If "single" shows up in a line of the material, return that line.

[Exercise material — start]

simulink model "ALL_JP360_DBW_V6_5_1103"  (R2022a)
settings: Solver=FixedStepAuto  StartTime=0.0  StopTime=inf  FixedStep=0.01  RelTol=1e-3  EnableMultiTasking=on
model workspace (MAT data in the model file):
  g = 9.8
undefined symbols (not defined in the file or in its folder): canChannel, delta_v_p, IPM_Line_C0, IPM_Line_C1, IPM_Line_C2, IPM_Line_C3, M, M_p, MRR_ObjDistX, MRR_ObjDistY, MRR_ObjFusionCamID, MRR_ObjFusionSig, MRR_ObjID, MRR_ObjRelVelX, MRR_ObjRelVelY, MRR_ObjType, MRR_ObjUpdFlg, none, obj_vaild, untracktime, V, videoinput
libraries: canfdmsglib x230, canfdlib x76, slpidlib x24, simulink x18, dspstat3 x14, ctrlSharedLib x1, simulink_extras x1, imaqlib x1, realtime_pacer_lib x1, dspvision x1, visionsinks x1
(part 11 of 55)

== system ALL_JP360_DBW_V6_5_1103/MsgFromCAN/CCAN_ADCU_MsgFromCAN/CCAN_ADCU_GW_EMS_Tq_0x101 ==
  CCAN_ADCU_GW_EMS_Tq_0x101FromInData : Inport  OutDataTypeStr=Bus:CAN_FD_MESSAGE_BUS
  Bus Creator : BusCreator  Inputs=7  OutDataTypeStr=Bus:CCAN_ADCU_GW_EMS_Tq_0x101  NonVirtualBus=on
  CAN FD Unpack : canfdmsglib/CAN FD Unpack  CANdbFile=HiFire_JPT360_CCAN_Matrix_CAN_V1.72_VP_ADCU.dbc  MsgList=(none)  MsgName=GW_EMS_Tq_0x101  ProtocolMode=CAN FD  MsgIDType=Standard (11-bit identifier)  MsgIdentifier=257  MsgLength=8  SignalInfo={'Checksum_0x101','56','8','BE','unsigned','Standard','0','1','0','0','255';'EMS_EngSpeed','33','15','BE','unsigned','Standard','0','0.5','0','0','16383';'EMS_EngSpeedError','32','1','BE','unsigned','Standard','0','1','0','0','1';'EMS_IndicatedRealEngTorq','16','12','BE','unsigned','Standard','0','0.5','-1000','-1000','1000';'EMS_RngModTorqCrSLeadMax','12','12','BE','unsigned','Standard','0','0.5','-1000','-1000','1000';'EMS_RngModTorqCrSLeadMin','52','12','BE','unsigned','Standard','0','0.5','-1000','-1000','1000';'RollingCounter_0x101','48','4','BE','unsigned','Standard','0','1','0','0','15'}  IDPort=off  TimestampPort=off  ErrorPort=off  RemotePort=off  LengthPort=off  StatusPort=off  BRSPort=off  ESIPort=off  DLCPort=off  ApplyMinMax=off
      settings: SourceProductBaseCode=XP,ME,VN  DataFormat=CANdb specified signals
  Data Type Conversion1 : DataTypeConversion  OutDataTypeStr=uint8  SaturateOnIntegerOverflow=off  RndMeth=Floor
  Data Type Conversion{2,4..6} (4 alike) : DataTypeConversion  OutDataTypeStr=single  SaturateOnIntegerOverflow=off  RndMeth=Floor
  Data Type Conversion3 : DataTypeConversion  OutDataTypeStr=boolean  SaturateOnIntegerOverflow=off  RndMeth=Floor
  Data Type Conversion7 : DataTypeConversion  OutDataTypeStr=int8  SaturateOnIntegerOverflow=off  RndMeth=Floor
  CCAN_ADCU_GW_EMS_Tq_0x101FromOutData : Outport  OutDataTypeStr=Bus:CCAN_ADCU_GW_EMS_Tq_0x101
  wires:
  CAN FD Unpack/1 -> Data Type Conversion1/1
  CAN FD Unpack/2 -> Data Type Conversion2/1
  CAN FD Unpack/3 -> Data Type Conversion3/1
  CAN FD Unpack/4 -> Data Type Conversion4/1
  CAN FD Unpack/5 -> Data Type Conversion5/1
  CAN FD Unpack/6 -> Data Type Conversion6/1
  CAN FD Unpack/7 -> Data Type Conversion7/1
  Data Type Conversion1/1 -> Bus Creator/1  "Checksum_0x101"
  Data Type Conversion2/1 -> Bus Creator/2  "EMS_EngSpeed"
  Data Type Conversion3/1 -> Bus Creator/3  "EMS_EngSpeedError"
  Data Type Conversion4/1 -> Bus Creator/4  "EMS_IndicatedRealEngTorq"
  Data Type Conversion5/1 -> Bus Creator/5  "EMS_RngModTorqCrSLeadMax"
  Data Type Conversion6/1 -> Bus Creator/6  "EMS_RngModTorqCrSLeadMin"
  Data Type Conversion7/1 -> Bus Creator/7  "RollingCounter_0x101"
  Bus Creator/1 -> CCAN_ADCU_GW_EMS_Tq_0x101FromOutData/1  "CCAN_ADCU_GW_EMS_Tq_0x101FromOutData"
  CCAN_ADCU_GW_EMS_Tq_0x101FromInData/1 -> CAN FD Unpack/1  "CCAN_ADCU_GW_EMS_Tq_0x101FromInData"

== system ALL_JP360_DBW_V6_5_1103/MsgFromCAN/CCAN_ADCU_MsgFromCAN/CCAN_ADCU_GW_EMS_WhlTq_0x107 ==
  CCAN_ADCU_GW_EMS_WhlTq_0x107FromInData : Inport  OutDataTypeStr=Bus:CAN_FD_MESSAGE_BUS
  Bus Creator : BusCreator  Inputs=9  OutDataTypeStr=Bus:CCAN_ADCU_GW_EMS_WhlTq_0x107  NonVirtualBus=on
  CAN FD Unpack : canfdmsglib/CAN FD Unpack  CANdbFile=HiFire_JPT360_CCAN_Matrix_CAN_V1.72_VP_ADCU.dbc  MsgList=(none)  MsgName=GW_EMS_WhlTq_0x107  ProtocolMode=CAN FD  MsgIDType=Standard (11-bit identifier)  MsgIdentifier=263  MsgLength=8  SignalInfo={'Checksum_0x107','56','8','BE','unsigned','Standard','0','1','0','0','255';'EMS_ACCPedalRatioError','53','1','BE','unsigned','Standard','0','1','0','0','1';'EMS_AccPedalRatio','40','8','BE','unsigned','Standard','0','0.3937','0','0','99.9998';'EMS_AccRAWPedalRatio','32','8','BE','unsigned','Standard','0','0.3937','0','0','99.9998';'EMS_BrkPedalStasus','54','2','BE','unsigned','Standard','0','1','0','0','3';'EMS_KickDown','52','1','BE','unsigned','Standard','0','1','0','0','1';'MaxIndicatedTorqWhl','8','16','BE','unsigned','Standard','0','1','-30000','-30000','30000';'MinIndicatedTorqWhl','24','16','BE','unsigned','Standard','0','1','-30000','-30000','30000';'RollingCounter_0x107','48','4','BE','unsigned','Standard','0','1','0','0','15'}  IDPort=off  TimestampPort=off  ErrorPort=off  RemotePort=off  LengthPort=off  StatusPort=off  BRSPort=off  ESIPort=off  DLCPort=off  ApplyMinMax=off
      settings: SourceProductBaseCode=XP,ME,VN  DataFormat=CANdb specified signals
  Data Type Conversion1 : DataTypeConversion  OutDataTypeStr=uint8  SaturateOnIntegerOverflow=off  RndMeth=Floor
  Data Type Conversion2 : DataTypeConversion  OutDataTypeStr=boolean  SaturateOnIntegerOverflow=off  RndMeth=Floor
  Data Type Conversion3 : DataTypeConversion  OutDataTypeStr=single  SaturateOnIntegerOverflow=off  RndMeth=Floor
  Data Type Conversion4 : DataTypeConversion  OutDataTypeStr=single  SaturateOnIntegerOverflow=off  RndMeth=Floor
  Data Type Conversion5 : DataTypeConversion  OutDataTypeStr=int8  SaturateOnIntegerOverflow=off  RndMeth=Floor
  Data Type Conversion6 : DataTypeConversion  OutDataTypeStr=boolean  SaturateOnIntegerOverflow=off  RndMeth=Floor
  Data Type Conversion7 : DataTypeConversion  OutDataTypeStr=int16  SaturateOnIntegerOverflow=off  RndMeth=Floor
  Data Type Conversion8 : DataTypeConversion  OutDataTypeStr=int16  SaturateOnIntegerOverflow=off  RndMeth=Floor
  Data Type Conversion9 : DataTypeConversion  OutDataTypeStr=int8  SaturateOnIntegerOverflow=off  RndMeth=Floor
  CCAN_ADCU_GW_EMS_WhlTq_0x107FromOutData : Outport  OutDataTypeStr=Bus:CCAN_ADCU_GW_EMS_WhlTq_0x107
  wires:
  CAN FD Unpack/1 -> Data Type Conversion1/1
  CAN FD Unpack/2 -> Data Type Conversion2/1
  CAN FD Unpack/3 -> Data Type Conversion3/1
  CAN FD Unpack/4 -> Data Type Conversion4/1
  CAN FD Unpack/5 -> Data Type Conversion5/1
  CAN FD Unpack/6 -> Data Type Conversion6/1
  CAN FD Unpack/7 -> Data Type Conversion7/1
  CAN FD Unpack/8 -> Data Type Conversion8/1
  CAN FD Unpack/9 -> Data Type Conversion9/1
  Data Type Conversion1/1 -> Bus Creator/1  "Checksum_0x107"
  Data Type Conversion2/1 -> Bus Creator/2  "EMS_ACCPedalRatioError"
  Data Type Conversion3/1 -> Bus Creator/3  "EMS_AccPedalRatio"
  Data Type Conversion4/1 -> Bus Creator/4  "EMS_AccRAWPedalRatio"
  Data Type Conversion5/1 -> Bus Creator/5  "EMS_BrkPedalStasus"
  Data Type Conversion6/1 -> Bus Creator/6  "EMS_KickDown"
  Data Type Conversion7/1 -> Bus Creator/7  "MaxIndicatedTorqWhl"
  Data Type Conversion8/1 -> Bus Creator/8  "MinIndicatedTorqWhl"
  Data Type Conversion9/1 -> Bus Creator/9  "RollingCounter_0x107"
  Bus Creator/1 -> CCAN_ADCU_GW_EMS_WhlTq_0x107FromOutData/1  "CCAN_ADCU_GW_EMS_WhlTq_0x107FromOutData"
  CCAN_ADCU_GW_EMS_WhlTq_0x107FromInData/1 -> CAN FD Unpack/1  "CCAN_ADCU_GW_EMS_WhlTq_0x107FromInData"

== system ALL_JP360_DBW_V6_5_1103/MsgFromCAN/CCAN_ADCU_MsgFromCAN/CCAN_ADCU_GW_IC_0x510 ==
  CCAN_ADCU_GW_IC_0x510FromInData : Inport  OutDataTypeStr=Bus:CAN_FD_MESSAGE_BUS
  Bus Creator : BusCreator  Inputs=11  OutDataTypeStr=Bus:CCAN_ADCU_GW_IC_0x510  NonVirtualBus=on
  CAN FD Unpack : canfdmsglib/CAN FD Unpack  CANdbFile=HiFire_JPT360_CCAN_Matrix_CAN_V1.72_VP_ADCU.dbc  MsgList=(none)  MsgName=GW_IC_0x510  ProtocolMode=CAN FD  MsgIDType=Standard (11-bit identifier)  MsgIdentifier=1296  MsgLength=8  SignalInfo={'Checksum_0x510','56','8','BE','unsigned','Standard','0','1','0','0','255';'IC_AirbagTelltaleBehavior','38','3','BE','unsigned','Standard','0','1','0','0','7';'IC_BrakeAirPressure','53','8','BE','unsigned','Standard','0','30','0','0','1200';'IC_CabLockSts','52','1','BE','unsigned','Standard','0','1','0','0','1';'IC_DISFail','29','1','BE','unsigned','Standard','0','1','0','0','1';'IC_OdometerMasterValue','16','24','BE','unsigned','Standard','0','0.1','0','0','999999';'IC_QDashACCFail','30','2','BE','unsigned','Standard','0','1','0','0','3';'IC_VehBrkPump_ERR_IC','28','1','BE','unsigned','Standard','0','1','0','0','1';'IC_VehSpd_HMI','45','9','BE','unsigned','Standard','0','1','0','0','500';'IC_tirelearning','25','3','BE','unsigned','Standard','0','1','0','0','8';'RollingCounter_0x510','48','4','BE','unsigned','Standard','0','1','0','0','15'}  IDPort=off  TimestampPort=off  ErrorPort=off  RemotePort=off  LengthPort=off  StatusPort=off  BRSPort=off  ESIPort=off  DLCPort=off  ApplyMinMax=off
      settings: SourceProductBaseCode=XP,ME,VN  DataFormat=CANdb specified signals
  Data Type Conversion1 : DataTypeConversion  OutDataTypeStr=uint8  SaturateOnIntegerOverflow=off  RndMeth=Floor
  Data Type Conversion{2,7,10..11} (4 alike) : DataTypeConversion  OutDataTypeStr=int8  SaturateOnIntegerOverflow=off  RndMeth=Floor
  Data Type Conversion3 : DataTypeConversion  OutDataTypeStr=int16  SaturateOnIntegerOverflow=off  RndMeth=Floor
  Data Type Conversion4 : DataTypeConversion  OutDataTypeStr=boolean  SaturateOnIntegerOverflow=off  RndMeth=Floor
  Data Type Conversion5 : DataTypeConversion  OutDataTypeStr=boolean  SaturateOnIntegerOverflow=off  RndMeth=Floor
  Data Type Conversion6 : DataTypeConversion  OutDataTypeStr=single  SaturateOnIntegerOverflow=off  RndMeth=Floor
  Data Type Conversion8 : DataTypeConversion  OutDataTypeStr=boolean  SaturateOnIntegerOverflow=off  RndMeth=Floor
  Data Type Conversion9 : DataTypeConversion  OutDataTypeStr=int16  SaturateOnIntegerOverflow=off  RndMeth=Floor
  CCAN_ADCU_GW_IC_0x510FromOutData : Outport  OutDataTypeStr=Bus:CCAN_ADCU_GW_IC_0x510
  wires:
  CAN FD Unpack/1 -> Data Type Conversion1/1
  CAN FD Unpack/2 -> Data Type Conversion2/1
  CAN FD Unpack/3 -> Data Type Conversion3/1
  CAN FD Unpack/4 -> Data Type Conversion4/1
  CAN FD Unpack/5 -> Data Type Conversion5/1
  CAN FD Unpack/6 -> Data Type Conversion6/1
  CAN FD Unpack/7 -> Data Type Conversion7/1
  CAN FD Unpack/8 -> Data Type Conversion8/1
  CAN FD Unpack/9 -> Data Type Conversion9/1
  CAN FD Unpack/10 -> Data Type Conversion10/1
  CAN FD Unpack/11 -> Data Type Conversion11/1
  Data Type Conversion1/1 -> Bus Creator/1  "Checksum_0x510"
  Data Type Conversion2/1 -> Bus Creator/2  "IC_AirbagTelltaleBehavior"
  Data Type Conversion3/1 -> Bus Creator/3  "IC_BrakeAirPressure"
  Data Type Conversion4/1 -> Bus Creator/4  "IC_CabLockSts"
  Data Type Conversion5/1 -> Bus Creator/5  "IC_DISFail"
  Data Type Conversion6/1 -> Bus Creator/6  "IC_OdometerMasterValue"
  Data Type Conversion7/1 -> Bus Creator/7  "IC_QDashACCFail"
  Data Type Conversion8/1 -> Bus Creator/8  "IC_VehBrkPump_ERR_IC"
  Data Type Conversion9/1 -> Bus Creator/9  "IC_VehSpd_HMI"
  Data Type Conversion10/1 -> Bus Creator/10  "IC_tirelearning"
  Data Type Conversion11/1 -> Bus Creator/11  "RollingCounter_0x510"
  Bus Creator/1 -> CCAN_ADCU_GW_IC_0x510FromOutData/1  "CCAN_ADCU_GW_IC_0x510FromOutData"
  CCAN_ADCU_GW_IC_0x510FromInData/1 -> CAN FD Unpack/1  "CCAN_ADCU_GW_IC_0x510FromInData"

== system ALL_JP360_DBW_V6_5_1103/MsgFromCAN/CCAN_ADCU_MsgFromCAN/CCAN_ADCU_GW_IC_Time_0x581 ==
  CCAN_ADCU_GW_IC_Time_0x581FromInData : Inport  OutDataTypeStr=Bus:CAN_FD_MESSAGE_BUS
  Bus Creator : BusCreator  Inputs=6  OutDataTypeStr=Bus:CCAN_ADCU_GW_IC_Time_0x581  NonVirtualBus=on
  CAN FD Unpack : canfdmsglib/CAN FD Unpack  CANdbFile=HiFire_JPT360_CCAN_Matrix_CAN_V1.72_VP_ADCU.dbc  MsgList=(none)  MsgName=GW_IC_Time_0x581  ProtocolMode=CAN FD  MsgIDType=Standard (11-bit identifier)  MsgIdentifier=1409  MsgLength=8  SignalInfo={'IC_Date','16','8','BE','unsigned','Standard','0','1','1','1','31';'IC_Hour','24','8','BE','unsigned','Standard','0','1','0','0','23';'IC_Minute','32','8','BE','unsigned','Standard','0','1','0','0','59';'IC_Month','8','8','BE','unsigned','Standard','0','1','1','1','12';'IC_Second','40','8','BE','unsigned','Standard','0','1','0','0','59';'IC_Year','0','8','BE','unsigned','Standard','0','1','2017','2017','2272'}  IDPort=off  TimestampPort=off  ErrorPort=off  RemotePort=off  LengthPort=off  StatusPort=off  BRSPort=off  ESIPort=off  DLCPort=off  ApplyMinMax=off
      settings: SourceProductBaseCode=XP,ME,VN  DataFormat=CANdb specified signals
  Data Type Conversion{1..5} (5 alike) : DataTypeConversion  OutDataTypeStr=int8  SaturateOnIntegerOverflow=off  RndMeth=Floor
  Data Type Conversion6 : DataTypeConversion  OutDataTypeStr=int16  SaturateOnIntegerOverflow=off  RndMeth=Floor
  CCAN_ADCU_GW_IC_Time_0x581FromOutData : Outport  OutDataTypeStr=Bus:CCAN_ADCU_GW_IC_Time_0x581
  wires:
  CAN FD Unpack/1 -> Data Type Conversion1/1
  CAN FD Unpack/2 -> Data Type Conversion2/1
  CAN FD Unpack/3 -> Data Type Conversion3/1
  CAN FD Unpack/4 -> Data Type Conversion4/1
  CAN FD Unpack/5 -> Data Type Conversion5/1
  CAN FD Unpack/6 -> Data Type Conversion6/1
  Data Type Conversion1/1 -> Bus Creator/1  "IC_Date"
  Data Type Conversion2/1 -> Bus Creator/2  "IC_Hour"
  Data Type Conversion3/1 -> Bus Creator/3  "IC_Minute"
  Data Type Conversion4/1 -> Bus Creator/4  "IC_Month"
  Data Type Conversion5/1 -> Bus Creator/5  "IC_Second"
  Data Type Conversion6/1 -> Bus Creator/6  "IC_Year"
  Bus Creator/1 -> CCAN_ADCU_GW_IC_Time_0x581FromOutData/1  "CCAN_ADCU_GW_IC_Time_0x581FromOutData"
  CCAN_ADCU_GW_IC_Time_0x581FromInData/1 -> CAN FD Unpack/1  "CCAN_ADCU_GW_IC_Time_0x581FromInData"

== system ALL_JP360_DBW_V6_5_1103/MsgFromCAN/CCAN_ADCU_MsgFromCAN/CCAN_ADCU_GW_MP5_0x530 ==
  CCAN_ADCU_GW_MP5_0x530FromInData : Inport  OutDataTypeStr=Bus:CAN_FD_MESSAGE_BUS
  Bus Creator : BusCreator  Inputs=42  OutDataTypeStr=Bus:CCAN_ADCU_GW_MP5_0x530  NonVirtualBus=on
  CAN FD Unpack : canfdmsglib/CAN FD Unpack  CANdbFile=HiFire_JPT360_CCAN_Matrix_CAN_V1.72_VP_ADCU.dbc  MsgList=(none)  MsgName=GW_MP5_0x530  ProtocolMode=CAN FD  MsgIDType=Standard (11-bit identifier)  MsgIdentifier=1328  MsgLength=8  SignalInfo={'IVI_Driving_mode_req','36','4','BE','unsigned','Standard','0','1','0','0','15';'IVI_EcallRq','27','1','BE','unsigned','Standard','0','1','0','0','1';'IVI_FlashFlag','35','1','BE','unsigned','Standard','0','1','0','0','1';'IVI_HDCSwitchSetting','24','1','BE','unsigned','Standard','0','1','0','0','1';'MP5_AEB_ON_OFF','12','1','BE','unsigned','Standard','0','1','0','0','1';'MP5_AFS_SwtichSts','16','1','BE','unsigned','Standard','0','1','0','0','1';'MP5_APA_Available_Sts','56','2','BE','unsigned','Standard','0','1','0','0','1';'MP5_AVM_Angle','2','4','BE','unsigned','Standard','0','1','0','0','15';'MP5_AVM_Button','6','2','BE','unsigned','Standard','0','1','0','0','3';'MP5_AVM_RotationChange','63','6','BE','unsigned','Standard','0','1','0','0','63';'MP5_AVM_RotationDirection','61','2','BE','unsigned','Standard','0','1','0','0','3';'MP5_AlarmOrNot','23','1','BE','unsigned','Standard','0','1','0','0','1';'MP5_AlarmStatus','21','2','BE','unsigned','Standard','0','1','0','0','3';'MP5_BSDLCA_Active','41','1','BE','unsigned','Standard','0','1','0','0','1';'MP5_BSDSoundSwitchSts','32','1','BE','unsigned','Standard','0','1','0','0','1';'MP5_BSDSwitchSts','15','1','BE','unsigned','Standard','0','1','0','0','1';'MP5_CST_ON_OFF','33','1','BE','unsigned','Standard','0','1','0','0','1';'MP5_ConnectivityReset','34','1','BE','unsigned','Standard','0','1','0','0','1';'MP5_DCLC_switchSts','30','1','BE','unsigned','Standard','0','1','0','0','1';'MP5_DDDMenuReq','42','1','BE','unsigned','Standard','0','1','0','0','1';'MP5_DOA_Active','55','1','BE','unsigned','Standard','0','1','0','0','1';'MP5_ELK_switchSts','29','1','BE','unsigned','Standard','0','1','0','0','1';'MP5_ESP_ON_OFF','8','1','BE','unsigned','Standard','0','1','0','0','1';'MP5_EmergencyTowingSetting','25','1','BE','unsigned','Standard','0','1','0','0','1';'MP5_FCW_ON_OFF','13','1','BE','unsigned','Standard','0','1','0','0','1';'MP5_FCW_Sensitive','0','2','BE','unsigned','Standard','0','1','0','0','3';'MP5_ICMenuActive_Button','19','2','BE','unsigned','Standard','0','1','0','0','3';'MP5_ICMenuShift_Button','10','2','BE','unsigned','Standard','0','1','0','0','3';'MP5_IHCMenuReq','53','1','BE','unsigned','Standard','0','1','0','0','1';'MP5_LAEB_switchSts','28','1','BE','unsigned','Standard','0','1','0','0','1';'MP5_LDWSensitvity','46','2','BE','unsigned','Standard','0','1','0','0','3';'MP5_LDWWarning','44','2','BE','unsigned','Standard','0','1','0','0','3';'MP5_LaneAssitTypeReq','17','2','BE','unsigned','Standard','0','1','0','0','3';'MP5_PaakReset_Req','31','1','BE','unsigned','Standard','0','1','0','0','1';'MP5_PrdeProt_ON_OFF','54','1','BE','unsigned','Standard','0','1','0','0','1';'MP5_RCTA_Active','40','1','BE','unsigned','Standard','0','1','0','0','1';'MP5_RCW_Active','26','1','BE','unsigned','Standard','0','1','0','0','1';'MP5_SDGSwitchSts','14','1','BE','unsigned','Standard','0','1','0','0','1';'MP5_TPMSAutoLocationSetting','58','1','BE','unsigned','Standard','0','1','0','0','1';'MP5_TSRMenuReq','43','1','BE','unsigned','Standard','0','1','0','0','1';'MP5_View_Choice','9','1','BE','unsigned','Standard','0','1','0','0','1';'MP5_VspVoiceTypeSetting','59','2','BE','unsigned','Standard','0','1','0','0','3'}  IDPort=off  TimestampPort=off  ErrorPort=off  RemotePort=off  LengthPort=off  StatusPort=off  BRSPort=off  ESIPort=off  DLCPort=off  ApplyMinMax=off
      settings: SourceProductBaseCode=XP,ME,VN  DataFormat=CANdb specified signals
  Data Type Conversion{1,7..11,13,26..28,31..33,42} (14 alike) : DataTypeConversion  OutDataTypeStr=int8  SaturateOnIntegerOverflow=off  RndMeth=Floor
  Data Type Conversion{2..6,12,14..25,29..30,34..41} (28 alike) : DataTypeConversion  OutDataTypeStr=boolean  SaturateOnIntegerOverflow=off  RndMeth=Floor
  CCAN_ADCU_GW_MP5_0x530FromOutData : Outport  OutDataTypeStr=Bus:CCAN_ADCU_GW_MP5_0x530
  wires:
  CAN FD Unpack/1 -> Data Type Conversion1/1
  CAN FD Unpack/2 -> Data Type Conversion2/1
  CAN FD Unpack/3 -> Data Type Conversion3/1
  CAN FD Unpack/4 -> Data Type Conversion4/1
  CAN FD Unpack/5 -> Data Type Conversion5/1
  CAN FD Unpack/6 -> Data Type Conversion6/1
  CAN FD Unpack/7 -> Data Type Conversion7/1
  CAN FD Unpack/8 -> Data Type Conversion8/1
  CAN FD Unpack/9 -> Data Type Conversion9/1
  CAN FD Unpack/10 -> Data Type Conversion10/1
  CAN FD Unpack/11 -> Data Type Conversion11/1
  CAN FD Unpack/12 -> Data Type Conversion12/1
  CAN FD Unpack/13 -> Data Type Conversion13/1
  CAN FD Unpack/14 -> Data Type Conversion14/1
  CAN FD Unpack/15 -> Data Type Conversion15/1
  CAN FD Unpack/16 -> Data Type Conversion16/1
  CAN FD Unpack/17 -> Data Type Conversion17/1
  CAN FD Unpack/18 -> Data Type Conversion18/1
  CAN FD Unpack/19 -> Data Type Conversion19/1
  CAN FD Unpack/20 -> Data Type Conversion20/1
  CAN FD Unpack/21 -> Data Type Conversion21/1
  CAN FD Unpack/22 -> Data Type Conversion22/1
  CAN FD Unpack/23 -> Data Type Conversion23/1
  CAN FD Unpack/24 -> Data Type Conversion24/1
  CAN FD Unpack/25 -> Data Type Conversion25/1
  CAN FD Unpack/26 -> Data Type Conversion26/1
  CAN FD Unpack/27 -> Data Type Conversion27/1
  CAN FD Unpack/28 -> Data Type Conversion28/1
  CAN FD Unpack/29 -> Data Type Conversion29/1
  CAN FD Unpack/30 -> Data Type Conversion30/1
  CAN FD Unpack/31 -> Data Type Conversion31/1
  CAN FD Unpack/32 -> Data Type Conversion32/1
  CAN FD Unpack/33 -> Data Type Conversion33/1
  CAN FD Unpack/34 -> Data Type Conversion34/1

[Exercise material — finish]

Solution for this exercise =>
  Data Type Conversion{2,4..6} (4 alike) : DataTypeConversion  OutDataTypeStr=single  SaturateOnIntegerOverflow=off  RndMeth=Floor
  Data Type Conversion3 : DataTypeConversion  OutDataTypeStr=single  SaturateOnIntegerOverflow=off  RndMeth=Floor
  Data Type Conversion4 : DataTypeConversion  OutDataTypeStr=single  SaturateOnIntegerOverflow=off  RndMeth=Floor
  Data Type Conversion6 : DataTypeConversion  OutDataTypeStr=single  SaturateOnIntegerOverflow=off  RndMeth=Floor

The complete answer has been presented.